Dataset extract =
----------

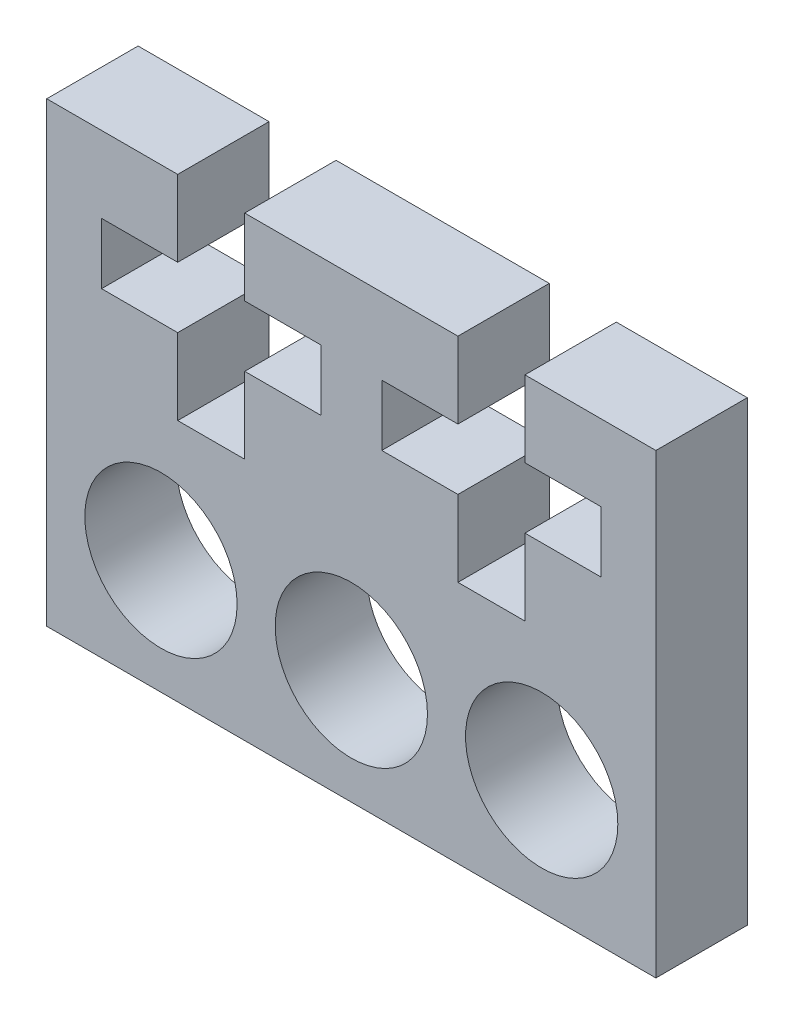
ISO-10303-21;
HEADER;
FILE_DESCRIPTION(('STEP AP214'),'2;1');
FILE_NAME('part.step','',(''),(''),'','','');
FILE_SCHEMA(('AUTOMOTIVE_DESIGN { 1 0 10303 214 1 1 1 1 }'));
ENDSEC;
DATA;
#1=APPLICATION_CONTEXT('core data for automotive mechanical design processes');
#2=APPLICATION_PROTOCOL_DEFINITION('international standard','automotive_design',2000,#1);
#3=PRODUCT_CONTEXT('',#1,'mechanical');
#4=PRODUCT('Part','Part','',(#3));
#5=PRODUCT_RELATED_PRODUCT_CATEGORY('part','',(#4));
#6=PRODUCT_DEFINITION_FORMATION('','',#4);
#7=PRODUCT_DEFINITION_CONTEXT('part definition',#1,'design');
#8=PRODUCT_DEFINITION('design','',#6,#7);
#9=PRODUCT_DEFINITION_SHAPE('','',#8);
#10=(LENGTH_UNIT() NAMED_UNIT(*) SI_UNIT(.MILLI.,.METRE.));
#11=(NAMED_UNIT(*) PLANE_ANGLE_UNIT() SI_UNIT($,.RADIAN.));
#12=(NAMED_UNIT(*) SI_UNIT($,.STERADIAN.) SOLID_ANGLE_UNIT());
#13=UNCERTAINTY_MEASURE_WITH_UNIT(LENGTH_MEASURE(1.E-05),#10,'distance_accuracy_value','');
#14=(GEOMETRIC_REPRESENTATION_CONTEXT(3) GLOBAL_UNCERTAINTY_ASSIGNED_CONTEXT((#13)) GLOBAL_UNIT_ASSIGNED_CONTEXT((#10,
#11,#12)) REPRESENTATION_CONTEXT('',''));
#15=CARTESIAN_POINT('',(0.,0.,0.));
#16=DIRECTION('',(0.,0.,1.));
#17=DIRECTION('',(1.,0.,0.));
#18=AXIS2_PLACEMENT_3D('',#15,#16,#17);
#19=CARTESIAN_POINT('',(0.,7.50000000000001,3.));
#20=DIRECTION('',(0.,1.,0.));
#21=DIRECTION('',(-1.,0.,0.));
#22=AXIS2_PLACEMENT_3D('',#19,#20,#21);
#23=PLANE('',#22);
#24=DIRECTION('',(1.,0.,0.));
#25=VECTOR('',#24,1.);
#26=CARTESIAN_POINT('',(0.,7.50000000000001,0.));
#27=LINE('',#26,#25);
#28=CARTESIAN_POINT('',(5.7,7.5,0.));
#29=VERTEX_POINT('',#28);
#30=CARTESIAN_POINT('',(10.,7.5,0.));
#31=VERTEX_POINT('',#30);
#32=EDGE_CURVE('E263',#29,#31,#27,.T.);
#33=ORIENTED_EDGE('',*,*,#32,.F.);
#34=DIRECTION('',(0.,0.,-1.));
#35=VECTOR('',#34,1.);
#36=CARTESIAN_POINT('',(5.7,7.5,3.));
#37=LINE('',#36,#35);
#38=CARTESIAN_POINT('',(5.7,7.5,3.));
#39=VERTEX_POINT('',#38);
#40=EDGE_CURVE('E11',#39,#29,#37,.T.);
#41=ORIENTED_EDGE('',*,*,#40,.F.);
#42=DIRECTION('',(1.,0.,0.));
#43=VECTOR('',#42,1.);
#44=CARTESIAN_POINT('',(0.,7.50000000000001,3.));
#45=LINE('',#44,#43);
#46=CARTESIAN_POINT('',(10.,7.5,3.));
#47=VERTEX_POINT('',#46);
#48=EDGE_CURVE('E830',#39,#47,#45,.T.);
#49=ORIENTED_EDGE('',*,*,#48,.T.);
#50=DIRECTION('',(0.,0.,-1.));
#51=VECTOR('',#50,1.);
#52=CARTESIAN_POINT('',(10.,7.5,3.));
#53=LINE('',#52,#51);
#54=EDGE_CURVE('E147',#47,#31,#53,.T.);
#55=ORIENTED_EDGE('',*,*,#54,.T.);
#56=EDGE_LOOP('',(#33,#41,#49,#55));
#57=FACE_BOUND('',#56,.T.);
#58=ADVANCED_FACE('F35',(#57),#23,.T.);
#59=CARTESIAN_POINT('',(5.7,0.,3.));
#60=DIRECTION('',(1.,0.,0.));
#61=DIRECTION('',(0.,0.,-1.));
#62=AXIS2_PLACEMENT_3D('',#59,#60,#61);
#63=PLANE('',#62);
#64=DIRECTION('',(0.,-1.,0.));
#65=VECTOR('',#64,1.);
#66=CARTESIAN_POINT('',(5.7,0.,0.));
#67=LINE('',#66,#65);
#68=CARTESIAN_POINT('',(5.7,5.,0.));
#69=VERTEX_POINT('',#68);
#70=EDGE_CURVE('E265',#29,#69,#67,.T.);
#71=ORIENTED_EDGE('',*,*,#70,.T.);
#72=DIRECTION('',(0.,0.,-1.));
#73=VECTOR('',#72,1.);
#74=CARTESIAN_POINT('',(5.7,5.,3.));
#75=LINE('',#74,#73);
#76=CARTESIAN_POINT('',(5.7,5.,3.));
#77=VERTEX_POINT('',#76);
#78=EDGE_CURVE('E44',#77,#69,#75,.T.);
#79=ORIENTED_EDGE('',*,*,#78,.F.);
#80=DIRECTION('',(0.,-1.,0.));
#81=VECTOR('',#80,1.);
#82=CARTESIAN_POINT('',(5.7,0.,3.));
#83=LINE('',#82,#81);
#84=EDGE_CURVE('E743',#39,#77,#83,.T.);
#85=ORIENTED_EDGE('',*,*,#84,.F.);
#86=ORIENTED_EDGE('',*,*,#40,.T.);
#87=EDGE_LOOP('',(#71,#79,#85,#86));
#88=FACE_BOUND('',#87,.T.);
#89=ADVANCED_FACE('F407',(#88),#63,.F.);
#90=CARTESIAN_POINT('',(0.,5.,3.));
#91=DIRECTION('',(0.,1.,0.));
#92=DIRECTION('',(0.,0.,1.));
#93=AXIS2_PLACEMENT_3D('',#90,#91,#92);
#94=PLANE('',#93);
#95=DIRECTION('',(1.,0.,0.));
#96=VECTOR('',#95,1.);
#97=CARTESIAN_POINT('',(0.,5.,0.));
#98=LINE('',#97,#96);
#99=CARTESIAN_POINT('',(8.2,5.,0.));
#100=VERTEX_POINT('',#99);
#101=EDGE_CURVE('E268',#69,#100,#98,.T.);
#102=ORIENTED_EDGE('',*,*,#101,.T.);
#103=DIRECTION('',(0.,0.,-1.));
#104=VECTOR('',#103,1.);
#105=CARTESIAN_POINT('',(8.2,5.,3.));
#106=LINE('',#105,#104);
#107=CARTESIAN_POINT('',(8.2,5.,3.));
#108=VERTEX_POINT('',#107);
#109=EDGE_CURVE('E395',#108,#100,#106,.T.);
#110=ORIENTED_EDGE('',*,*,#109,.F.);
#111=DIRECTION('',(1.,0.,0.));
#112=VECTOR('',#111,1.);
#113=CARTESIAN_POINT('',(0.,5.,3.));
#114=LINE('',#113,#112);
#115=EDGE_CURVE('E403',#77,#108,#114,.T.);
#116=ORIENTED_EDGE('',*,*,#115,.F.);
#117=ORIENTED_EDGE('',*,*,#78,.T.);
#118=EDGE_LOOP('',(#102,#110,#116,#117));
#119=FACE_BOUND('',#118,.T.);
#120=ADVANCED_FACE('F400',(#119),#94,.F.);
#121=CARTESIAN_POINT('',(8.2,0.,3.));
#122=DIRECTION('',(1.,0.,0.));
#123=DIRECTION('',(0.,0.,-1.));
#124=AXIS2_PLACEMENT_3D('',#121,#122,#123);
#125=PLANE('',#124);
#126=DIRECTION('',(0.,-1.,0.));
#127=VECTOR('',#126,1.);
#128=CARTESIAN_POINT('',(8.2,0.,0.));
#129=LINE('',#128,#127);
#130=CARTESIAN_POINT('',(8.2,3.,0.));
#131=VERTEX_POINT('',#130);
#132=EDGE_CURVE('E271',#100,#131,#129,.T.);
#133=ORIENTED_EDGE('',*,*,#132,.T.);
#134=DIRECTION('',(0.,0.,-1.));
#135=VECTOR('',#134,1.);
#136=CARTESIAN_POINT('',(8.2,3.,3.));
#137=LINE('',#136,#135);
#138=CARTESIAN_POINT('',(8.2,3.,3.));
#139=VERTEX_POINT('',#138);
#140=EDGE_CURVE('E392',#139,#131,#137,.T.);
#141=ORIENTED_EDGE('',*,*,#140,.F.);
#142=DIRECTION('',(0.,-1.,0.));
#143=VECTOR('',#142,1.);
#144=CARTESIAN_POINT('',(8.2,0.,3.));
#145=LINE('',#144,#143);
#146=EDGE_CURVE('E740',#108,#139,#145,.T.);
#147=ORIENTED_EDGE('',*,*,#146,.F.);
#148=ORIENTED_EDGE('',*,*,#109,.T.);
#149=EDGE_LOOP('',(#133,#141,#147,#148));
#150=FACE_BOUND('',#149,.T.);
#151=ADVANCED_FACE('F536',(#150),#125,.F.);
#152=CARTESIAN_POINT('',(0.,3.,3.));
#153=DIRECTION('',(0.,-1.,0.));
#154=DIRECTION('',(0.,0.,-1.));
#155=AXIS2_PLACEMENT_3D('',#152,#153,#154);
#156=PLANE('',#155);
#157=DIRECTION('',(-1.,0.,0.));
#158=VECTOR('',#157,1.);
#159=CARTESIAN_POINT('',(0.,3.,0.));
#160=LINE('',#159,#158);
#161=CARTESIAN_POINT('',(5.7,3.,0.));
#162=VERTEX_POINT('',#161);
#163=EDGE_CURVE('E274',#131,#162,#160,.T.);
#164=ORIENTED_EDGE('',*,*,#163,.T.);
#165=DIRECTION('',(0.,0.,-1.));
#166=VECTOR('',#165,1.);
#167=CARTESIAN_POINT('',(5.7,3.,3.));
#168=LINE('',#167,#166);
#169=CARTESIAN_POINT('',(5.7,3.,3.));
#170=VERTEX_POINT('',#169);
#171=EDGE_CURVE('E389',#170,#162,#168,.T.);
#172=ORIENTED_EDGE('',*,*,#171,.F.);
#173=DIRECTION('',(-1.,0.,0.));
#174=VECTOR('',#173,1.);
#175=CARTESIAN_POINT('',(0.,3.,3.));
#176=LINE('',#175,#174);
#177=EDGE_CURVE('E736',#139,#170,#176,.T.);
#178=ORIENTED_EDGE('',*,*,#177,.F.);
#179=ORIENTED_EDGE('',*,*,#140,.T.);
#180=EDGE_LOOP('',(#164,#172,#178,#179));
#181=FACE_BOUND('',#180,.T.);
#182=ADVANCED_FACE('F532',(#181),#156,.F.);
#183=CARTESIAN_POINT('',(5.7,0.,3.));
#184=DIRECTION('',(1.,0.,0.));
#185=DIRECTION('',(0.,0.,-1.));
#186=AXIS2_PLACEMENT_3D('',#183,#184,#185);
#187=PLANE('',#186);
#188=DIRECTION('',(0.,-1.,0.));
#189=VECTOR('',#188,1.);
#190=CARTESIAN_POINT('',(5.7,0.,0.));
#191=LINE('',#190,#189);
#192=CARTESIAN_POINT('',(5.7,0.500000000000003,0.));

----------

Task = All that is wanted is an exact copy of the lines above from the one with "#19=CARTESIAN_POINT('',(0.,7.50000000000001,3.));" through the one with "#56=EDGE_LOOP('',(#33,#41,#49,#55));", with both ends included.

Result of the task =
#19=CARTESIAN_POINT('',(0.,7.50000000000001,3.));
#20=DIRECTION('',(0.,1.,0.));
#21=DIRECTION('',(-1.,0.,0.));
#22=AXIS2_PLACEMENT_3D('',#19,#20,#21);
#23=PLANE('',#22);
#24=DIRECTION('',(1.,0.,0.));
#25=VECTOR('',#24,1.);
#26=CARTESIAN_POINT('',(0.,7.50000000000001,0.));
#27=LINE('',#26,#25);
#28=CARTESIAN_POINT('',(5.7,7.5,0.));
#29=VERTEX_POINT('',#28);
#30=CARTESIAN_POINT('',(10.,7.5,0.));
#31=VERTEX_POINT('',#30);
#32=EDGE_CURVE('E263',#29,#31,#27,.T.);
#33=ORIENTED_EDGE('',*,*,#32,.F.);
#34=DIRECTION('',(0.,0.,-1.));
#35=VECTOR('',#34,1.);
#36=CARTESIAN_POINT('',(5.7,7.5,3.));
#37=LINE('',#36,#35);
#38=CARTESIAN_POINT('',(5.7,7.5,3.));
#39=VERTEX_POINT('',#38);
#40=EDGE_CURVE('E11',#39,#29,#37,.T.);
#41=ORIENTED_EDGE('',*,*,#40,.F.);
#42=DIRECTION('',(1.,0.,0.));
#43=VECTOR('',#42,1.);
#44=CARTESIAN_POINT('',(0.,7.50000000000001,3.));
#45=LINE('',#44,#43);
#46=CARTESIAN_POINT('',(10.,7.5,3.));
#47=VERTEX_POINT('',#46);
#48=EDGE_CURVE('E830',#39,#47,#45,.T.);
#49=ORIENTED_EDGE('',*,*,#48,.T.);
#50=DIRECTION('',(0.,0.,-1.));
#51=VECTOR('',#50,1.);
#52=CARTESIAN_POINT('',(10.,7.5,3.));
#53=LINE('',#52,#51);
#54=EDGE_CURVE('E147',#47,#31,#53,.T.);
#55=ORIENTED_EDGE('',*,*,#54,.T.);
#56=EDGE_LOOP('',(#33,#41,#49,#55));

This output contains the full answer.